Use the trig identity sin(x+h) = sin(x)cos(h) + cos(x)sin(h), so that
(sin(x+h)-sin(x))/h = (sin(x)(cos(h) - 1) + cos(x)sin(h))/h.
Now take the limit
limh→0 (sin(x)(cos(h) - 1) + cos(x)sin(h))/h = sin(x) limh→0 ((cos(h) - 1)/h) + cos(x) limh→0 (sin(h)/h).
From basic trigonometry it is known that
limh→0 ((cos(h) - 1)/h) = 0  and  limh→0 (sin(h)/h) = 1, so that
limh→0 (sin(x)(cos(h) - 1) + cos(x)sin(h))/h = cos(x).

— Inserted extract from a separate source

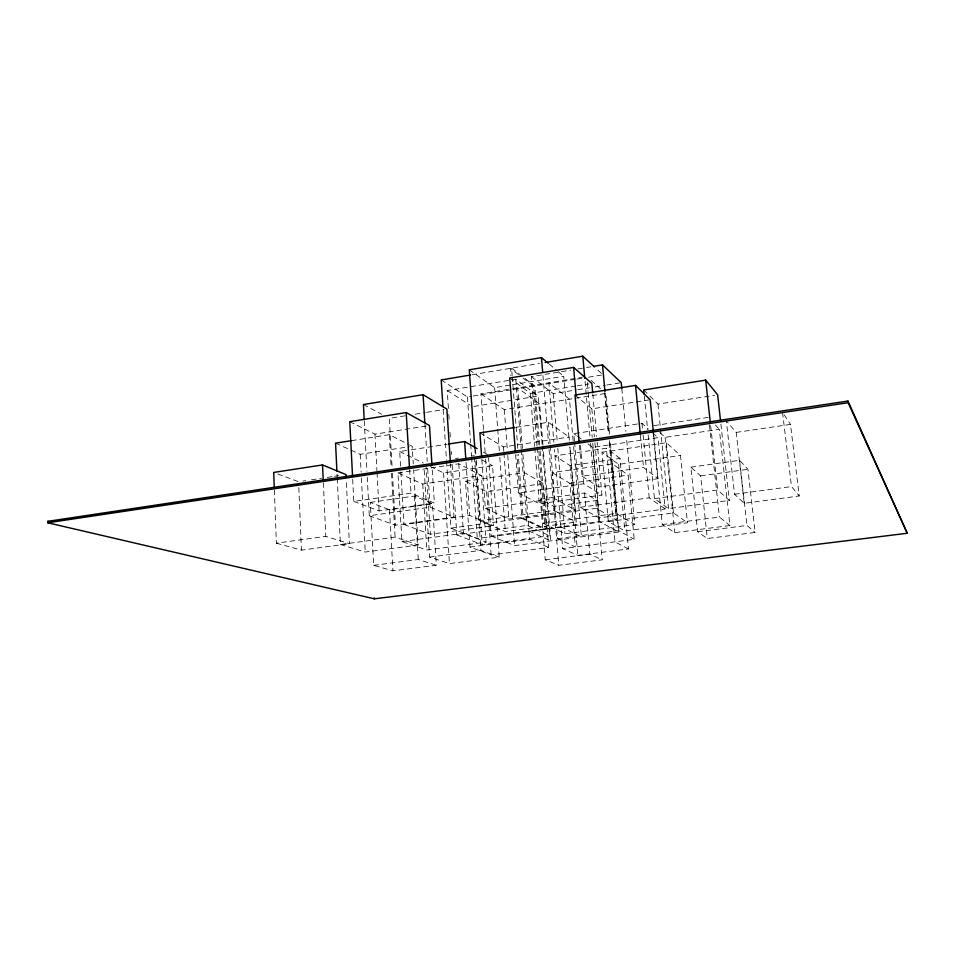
<?xml version="1.0" encoding="UTF-8"?>
<svg xmlns="http://www.w3.org/2000/svg" width="955" height="955" viewBox="0 0 955 955"><rect width="100%" height="100%" fill="white"/><g stroke="black" fill="none" stroke-linecap="round" stroke-linejoin="round"><path stroke-width="0.72" stroke-dasharray="4.78 3.58" d="M471.997 374.778L539.312 363.473M448.408 408.406L447.227 390.547L515.772 379.219L538.214 396.062L542.201 445.114M537.044 446.236L531.446 376.628L570.589 370.146M577.835 368.952L585.093 367.747M586.537 367.508L590.882 366.792M469.287 369.812L494.63 387.635L510.794 384.972M512.262 384.734L563.713 376.282L569.264 441.079M483.493 429.428L480.926 393.89L511.307 388.924M512.751 388.685L582.383 377.309M441.198 379.947L467.401 396.97L471.794 396.253M473.262 396.015L511.379 389.783M512.847 389.545L575.507 379.314M576.951 379.075L582.729 378.132M588.507 377.189L602.963 374.838L595.538 367.962M509.719 378.013L530.419 393.436L575.769 386.095M577.238 385.856L588.937 383.958M405.147 415.795L389.33 418.35L392.111 467.329M415.21 414.172L425.285 412.548M426.718 412.309L443.98 409.528M473.931 406.424L538.214 396.062M531.446 376.628L553.231 393.651L576.378 389.915M577.835 389.688L589.414 387.814M595.204 386.882L605.327 385.259M606.783 385.02L621.251 382.692M480.926 393.89L504.3 409.611L605.816 393.436L609.636 434.728M349.781 421.692L374.957 434.155L426.515 425.99M351.536 440.649L389.294 434.68L408.382 444.338M575.006 395.072L591.849 408.859L648.72 399.954M649.842 396.015L657.995 404.084L714.734 395.263M516.297 427.255L548.325 422.277L569.085 437.02L569.335 439.945M351.118 450.211L360.19 454.317L409.301 446.713M400.551 466.136L399.703 451.548L409.802 449.984M411.247 449.769L447.298 444.218M574.48 441.019L573.836 433.666L641.939 423.304L648.385 429.046M479.923 432.901L503.476 446.964L569.085 437.02M653.912 425.62L708.574 417.347M302.89 481.105L305.767 480.663M311.509 479.804L321.56 478.288M327.314 477.416L333.056 476.557M334.501 476.33L338.81 475.686M455.523 458.484L458.412 458.054M471.412 456.096L474.301 455.654M397.972 472.892L458.77 463.808L481.344 475.483L486.083 542.154L426.813 549.985L401.936 541.557L397.972 472.892L422.755 484.054L481.344 475.483M588.005 443.944L592.733 447.382L658.043 437.665L665.193 509.015L599.036 517.873L580.21 507.284L574.6 442.499M659.857 432.555L665.122 437.354L719.318 429.308L729.93 525.525L674.779 532.639L662.293 524.546L653.208 433.2M619.974 458.4L606.413 448.241L554.962 455.857L570.135 465.658L619.974 458.4L628.462 548.958L577.811 555.38L562.686 548.636L554.473 449.578M430.359 466.482L443.562 472.904L492.553 465.658L499.238 557.195L449.459 563.593L429.583 557.063L423.853 464.763M602.02 452.228L666.339 442.738L680.485 455.451L687.457 522.779L624.868 530.944L608.323 521.573L602.02 452.228L618.649 464.381L680.485 455.451M736.21 432.4L790.489 424.402L799.216 495.979L744.22 503.297L734.538 494.248L726.349 420.857L736.21 432.4L744.22 503.297M465.491 481.296L524.486 472.713L543.502 483.54L548.683 547.478L491.145 554.915L470.003 547.048L465.491 481.296L486.596 491.658L543.502 483.54M552.109 472.606L569.908 483.373L575.328 546.881L557.565 538.644L552.109 472.606L612.525 463.867L628.127 475.101L634.216 539.312L562.686 548.636M352.682 479.279L353.804 501.423L411.008 493.15L434.382 503.094L432.066 466.506M370.301 502.414L414.446 496.063L432.472 503.691L436.351 565.253L392.935 570.839L373.644 565.324L370.301 502.414L389.509 509.779L432.472 503.691M579.387 445.269L582.096 476.27L643.527 467.484L658.031 478.694L653.518 433.355M569.908 483.373L628.127 475.101M353.804 501.423L379.123 510.937L434.382 503.094M690.871 467.186L739.6 460.286L747.932 469.287L755.142 532.448L707.309 538.524L697.651 531.768L690.871 467.186L700.648 475.888L707.309 538.524M515.616 454.664L518.565 492.995L583.792 483.767L601.937 495.084L597.173 442.225M367.245 477.202L369.287 515.748L430.108 507.177L454.019 517.109L450.485 463.82M582.096 476.27L598.881 487.002L658.031 478.694M700.648 475.888L747.932 469.287M540.375 499.167L584.496 493.007L596.875 500.468L602.175 559.833L558.782 565.264L545.245 559.785L540.375 499.167L553.924 506.377L596.875 500.468M481.821 459.51L485.307 508.299L554.628 498.653L575.34 510.042L569.837 445.782M518.565 492.995L539.265 503.763L601.937 495.084M369.287 515.748L395.406 525.214L454.019 517.109M400.897 471.985L403.953 524.534L469.693 515.461L493.496 525.716L488.578 457.899M274.372 490.13L276.365 543.18L325.798 536.364L349.399 543.646L346.283 480.484M475.745 461.504L479.911 520.654L554.079 510.507L576.211 522.087L569.777 446.976M580.21 507.284L649.233 497.842L665.193 509.015M654.438 498.617L717.659 489.999L729.334 500.432L668.524 508.585L654.438 498.617L647.777 431.087M485.307 508.299L508.884 519.09L575.34 510.042M446.558 461.444L450.939 528.127L596.374 508.346L616.345 519.974L608.968 439.992M337.258 478.419L340.422 544.529L395.107 537.104L418.147 544.995L413.622 469.848M276.365 543.18L301.434 550.152L349.399 543.646M403.953 524.534L430.347 534.251L493.496 525.716M734.538 494.248L791.504 486.561L799.216 495.979M401.936 541.557L463.473 533.272L486.083 542.154M452.169 464.942L456.836 534.884L527.16 525.429L549.579 535.779L542.321 446.606M537.164 447.728L543.24 523.268L616.202 513.456L634.741 524.57L626.456 437.378M479.911 520.654L505.326 531.565L576.211 522.087M340.422 544.529L365.252 552.05L418.147 544.995M485.618 459.057L491.168 536.065L599.776 521.597L618.625 532.054L610.173 440.625M450.939 528.127L477.273 538.477L616.345 519.974M608.323 521.573L673.454 512.907L687.457 522.779M456.836 534.884L482.191 544.648L549.579 535.779M543.24 523.268L564.966 533.75L634.741 524.57M470.003 547.048L529.679 539.205L548.683 547.478M662.293 524.546L719.425 517.073L729.93 525.525M557.565 538.644L618.697 530.646L634.216 539.312M491.168 536.065L514.59 545.627L618.625 532.054M429.583 557.063L480.95 550.367L499.238 557.195M373.644 565.324L418.266 559.511L436.351 565.253M697.651 531.768L746.965 525.441L755.142 532.448M545.245 559.785L589.844 554.127L602.175 559.833M277.845 473.99L298.581 481.75M335.563 443.168L349.817 449.614M528.915 531.04L550.772 540.912L543.097 446.677M399.703 451.548L423.351 463.056M560.895 526.778L581.416 536.913L573.227 442.153M409.647 444.982L412.19 446.272L413.264 463.951M628.462 548.958L614.996 541.903L606.413 448.241M363.413 404.55L381.546 414.207M482.12 459.94L492.553 465.658M483.361 452.133L488.363 454.95M447.227 390.547L470.063 405.123M573.836 433.666L576.199 435.373M577.381 436.232L582.108 439.658M518.458 374.575L510.304 368.344L510.877 375.781M523.125 378.144L533.606 386.154L538.369 445.245M549.256 364.153L557.04 370.683M558.15 371.614L563.713 376.282M591.014 380.329L600.528 388.757M652.683 432.878L658.043 437.665M643.718 389.974L648.815 395.012M715.414 424.963L719.318 429.308M784.139 414.816L790.489 424.402M782.539 412.417L791.504 486.561M739.6 460.286L746.965 525.441M720.894 424.151L729.334 500.432M710.639 425.536L717.659 489.999M709.374 424.689L719.425 517.073M666.339 442.738L673.454 512.907M665.122 437.354L674.779 532.639M657.995 404.084L660.371 427.637M660.514 429.105L668.524 508.585M644.303 395.848L647.633 429.619M641.939 423.304L642.512 429.153M643.085 435.002L649.233 497.842M640.387 435.229L643.527 467.484M621.812 388.601L625.895 431.457M618.649 464.381L624.868 530.944M612.525 463.867L618.697 530.646M605.088 393.102L608.932 434.704M609.481 440.649L616.202 513.456M604.599 392.601L608.419 434.071M592.792 393.758L596.636 436.351M591.849 408.859L594.368 436.865M594.905 442.762L598.881 487.002M587.313 382.501L588.113 391.383M588.244 392.863L592.219 437.259M592.745 443.168L599.776 521.597M592.733 447.382L599.036 517.873M585.045 381.296L590.047 437.426M590.584 443.335L596.374 508.346M580.437 445.472L583.792 483.767M584.496 493.007L589.844 554.127M573.096 440.673L569.514 399.226L548.91 382.776L553.852 442.153M570.135 465.658L577.811 555.38M553.231 393.651L557.302 442.32M557.804 448.217L564.966 533.75M548.325 422.277L550.14 444.314M550.259 445.782L554.628 498.653M553.924 506.377L558.782 565.264M542.941 375.422L548.576 443.717M549.065 449.65L554.079 510.507M542.977 445.209L539.623 403.989L517.729 387.873L522.457 448.384M539.623 445.054L534.836 385.963L511.594 368.129L512.167 375.566M540.1 450.963L546.439 529.273L523.209 518.29L518.267 454.365M538.847 451.154L545.174 529.44L521.896 518.47L516.965 454.556M530.419 393.436L534.669 446.391M534.788 447.859L539.265 503.763M522.922 454.294L529.679 539.205M515.772 379.219L521.179 448.623M521.299 450.103L527.16 525.429M512.286 377.046L517.801 448.408M504.3 409.611L507.32 449.53M507.762 455.451L514.59 545.627M503.476 446.964L503.81 451.381M503.918 452.849L508.884 519.09M494.63 387.635L499.37 451.44M499.811 457.373L505.326 531.565M483.6 430.92L485.2 453.124M486.596 491.658L491.145 554.915M475.495 449.686L475.817 454.138M476.235 460.071L482.191 544.648M474.802 448.193L475.22 454.103M474.396 457.135L480.95 550.367M467.401 396.97L470.588 442.666M470.684 444.135L471.507 455.929M471.615 457.409L477.273 538.477M466.028 462.244L469.693 515.461M458.77 463.808L463.473 533.272M448.802 414.351L449.208 420.307M449.996 432.209L450.39 438.166M451.285 451.56L451.476 454.532M443.144 409.576L446.463 459.964M443.562 472.904L449.459 563.593M424.927 424.283L427.243 461.289M427.697 468.69L430.108 507.177M425.978 464.333L430.347 534.251M422.755 484.054L426.813 549.985M414.446 496.063L418.266 559.511M409.611 469.705L411.008 493.15M392.445 473.262L395.406 525.214M389.294 434.68L391.144 467.341M391.49 473.274L395.107 537.104M389.509 509.779L392.935 570.839M374.957 434.155L376.962 471.066M377.034 472.546L379.123 510.937M364.273 420.857L366.935 471.269M360.19 454.317L361.109 472.08M361.42 478.001L365.252 552.05M337.043 474.014L337.187 476.951M323.351 482.8L325.798 536.364M298.831 487.695L301.434 550.152"/><path stroke-width="1.43" d="M548.146 363.21L541.473 357.612L469.287 369.812L474.802 448.193M470.529 375.017L441.198 379.947L442.953 406.615M545.102 362.506L582.801 356.179L594.476 366.983M592.661 392.29L591.861 383.48L573.609 367.424L509.719 378.013L515.39 451.715M593.783 366.314L602.486 364.87L621.251 382.692L621.812 388.601M450.39 462.339L446.856 409.062L423.065 394.69L363.413 404.55L364.189 419.376M431.97 465.037L429.464 425.512L406.197 412.548L349.781 421.692L352.538 476.318M653.375 431.899L650.176 399.715L635.529 385.39L575.006 395.072L579.124 442.32M720.571 421.215L717.647 394.809L705.685 380.126L643.718 389.974L644.159 394.379M351.536 440.649L335.563 443.168L336.9 471.078M514.852 427.482L479.923 432.901L481.607 456.562M448.743 443.991L464.608 441.556L477.118 448.599M346.128 477.536L345.985 474.599L322.527 464.942L273.703 472.439L274.252 487.181M47.75 521.346L847.956 401.052L907.25 533.272L374.3 598.821L47.75 522.779L47.75 521.346L50.651 522.027M47.75 522.779L848.183 402.712L907.25 533.272M847.956 401.052L848.183 402.712M705.685 380.126L710.317 422.611M635.529 385.39L640.244 433.773M602.486 364.87L604.957 391.622M582.801 356.179L584.782 378.335M573.609 367.424L576.056 395.406M541.473 357.612L542.703 372.462M464.608 441.556L465.825 459.283M423.065 394.69L424.832 422.802M406.197 412.548L409.432 466.768M374.253 597.866L374.3 598.821M322.527 464.942L323.279 481.308"/></g></svg>

Thank you, Kenneth. This is the trigonometric proof that's needed in this problem.
Your approach to the problem is also very good too!
lim    (sin(x+h)-sin(x))/h

since sin(x+h) = sin(x) cos(h) + cos(x) sin(h) 
then we have
lim   (sin(x) cos(h) + cos(x) sin(h) - sin(x))/h

grouping 1st and 3rd term, we have
lim    ((cos(h) - 1) sin(x) + cos(x) sin(h))/h
Since h not equal 0, a limit exist for the above function.
When h→0  cos(h)=1  and sin(h)=h, the above function becomes
lim   ((1-1)sin(x) + cos(x)(h))/h 
lim   (0 + cos(x)h)/h
lim cos(x)h/h
equation used in this exercise:
sin(a+b) = sin(a)cos(b) + cos(a)sin(b)
lim     cos(x)  = 1       ;     lim   sin(x)  =  x
x→0                                 x→0
applying equations and recognizing pattern of problem is key to solving this kind of math questions, which has been known for some hundreds of year!!!
I bet there is other ways to solve it!!


limx→0sin(x) = 0, not x. However, limx→0(sin(x)/x) = 1.
sin(x) = x - x^3/3! + x^5/5! − x^7/7! + . . .
As x → 0 don't the cube and higher degree terms go to zero much faster than x?
So why can't you say as x → 0, sin(x) → x?
Don't we use the approximation sin(x) ≈ x near x = 0?
The limit of a function f(x) is defined to be a number, not another function. We can't use an approximation in a proof.
(sin(x) - x) = - x^3/3! + x^5/5! − x^7/7! + . . .
As x → 0 the right side → 0, so the value of sin(x) - x → 0 and
sin(x) → x. It's asymptotic.
No, all this means is 
limx→0sin(x) = limx→0x = 0.
Please review the ε-δ-definition of limit.
Also, using the Taylor series of sin(x) in this problem is circular, because to get to the Taylor series you need to take the derivative of sin(x), which is exactly what you are supposed to find in this problem.